● **Material for the task**:

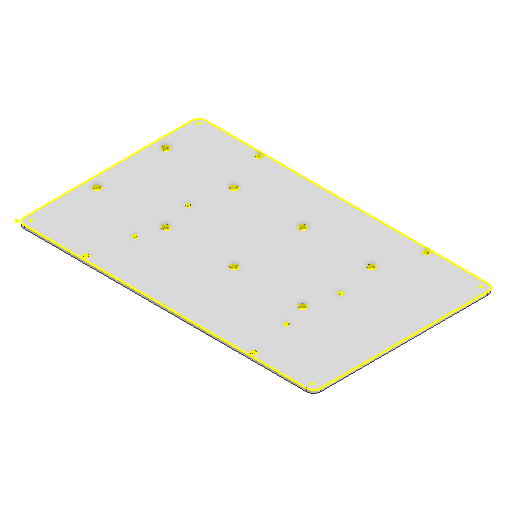
# Autodesk Inventor part: amplifier_tray
Saved by Autodesk Inventor 2023 (Build 270158000, 158)
## iProperties
Created: 2024-05-05
Part Number: amplifier_tray
Material: Generic
Document SubType Name: Modeling
Designer: Thomas
Density: 1 g/cm^3
Appearance: Default
Author: Thomas
Autodesk Inventor part; units mm, degrees
ref_plane "YZ Plane" through (0, 0, 0) normal (1, 0, 0) x (0, 1, 0)
ref_plane "XZ Plane" through (0, 0, 0) normal (0, 1, 0) x (-1, 0, 0)
ref_plane "XY Plane" through (0, 0, 0) normal (0, 0, 1) x (1, 0, 0)
sketch "Sketch1" plane through (0, 0, 0) normal (0, 1, 0) x (-1, 0, 0)
  line L0 (0, 0) -> (-215.9, 0)
  line L1 (-215.9, 0) -> (-215.9, -132.08)
  line L2 (-215.9, -132.08) -> (0, -132.08)
  line L3 (0, -132.08) -> (0, 0)
  circle A0 centre (-46.99, -129.008) radius 1.65
  circle A1 centre (-168.91, -129.008) radius 1.65
  circle A2 centre (-46.99, -3.072) radius 1.65
  circle A3 centre (-168.91, -3.072) radius 1.65
  circle A4 centre (-8, -50) radius 2.2
  circle A5 centre (-8, -100) radius 2.2
  circle A6 centre (-58, -50) radius 2.2
  circle A7 centre (-58, -100) radius 2.2
  circle A8 centre (-108, -50) radius 2.2
  circle A9 centre (-108, -100) radius 2.2
  circle A10 centre (-158, -50) radius 2.2
  circle A11 centre (-158, -100) radius 2.2
  circle A12 centre (-52.45, -72.08) radius 1.25
  circle A13 centre (-163.45, -72.08) radius 1.25
  circle A14 centre (-52.45, -33.08) radius 1.25
  circle A15 centre (-163.45, -33.08) radius 1.25
  dimension "d0" = 215.9
  dimension "d1" = 132.08
  dimension "d2" = 3.3
  dimension "d5" = 121.92
  dimension "d8" = 125.936
  dimension "d11" = 46.99
  dimension "d12" = 3.072
  dimension "d13" = 3.072
  dimension "d14" = 4.4
  dimension "d15" = 50
  dimension "d16" = 8
  dimension "d19" = 50
  dimension "d22" = 50
  dimension "d30" = 2.5
  dimension "d33" = 111
  dimension "d36" = 39
  dimension "d39" = 60
  dimension "d40" = 52.45
  constraints: 16 centre point, 8 end point, 4 horizontal, 3 vertical, 2 parallel, 1 perpendicular, 26 other
  measures "d0" distance of L1.end L2.end
  measures "d1" distance of L0.end L1.end
  measures "d2" diameter of A0
  measures "d5" distance of A0.centre A1.centre
  measures "d8" distance of A0.centre A2.centre
  measures "d11" distance from line of L3 A0.centre
  measures "d12" distance from line of L2 A0.centre
  measures "d13" distance from line of L0 A2.centre
  measures "d14" diameter of A4
  measures "d15" distance from line of L0 A4.centre
  measures "d16" distance from line of L3 A4.centre
  measures "d19" distance of A4.centre A5.centre
  measures "d22" distance of A4.centre A6.centre
  measures "d30" diameter of A12
  measures "d33" distance of A12.centre A13.centre
  measures "d36" distance of A12.centre A14.centre
  measures "d39" distance from line of L2 A12.centre
  measures "d40" distance from line of A13.centre L1
extrude "Extrusion1" add sketch "Sketch1" against normal blind 2.54
sketch "Sketch2" plane through (0, 0, 0) normal (0, 1, 0) x (1, 0, 0)
  line L0 (108.9107, 44.2653) -> (116.6369, 44.2653) construction
  line L1 (116.6369, 44.2653) -> (116.6369, 41.0888) construction
  line L2 (116.6369, 41.0888) -> (108.9107, 41.0888) construction
  line L3 (108.9107, 41.0888) -> (108.9107, 44.2653) construction
  point P0 (0, 0)
  constraints: 2 other
extrude "Extrusion2" [suppressed]
fillet "Fillet1" radius 5 4 edges at (0, -1.27, 0) (215.9, -1.27, 0) (215.9, -1.27, -132.08) (0, -1.27, -132.08)
sketch "Sketch3" plane through (0, 0, 0) normal (0, 1, 0) x (1, 0, 0)
  arc A0 (5, 132.08) -> (0, 127.08) centre (5, 127.08) ccw projected
  line L0 (0, 127.08) -> (0, 5) projected
  arc A1 (0, 5) -> (5, 0) centre (5, 5) ccw projected
  line L1 (5, 0) -> (210.9, 0) projected
  arc A2 (210.9, 0) -> (215.9, 5) centre (210.9, 5) ccw projected
  line L2 (215.9, 5) -> (215.9, 127.08) projected
  arc A3 (215.9, 127.08) -> (210.9, 132.08) centre (210.9, 127.08) ccw projected
  line L3 (210.9, 132.08) -> (5, 132.08) projected
  circle A4 centre (163.45, 33.08) radius 1.25 projected
  circle A5 centre (163.45, 72.08) radius 1.25 projected
  circle A6 centre (158, 100) radius 2.2 projected
  circle A7 centre (108, 100) radius 2.2 projected
  circle A8 centre (58, 100) radius 2.2 projected
  circle A9 centre (58, 50) radius 2.2 projected
  circle A10 centre (8, 100) radius 2.2 projected
  circle A11 centre (8, 50) radius 2.2 projected
  circle A12 centre (168.91, 3.072) radius 1.65 projected
  circle A13 centre (46.99, 3.072) radius 1.65 projected
  circle A14 centre (168.91, 129.008) radius 1.65 projected
  circle A15 centre (46.99, 129.008) radius 1.65 projected
  circle A16 centre (108, 50) radius 2.2 projected
  circle A17 centre (158, 50) radius 2.2 projected
  circle A18 centre (52.45, 72.08) radius 1.25 projected
  circle A19 centre (52.45, 33.08) radius 1.25 projected
  point P0 (0, 0)
equation "\"d40\" = -0.5 * d33 + 0.5 * d0"
body "Solid1"

● **Exercise directions**:
Every line above that has the string "from" needs to be copied.

● **Answer box**:
  measures "d11" distance from line of L3 A0.centre
  measures "d12" distance from line of L2 A0.centre
  measures "d13" distance from line of L0 A2.centre
  measures "d15" distance from line of L0 A4.centre
  measures "d16" distance from line of L3 A4.centre
  measures "d39" distance from line of L2 A12.centre
  measures "d40" distance from line of A13.centre L1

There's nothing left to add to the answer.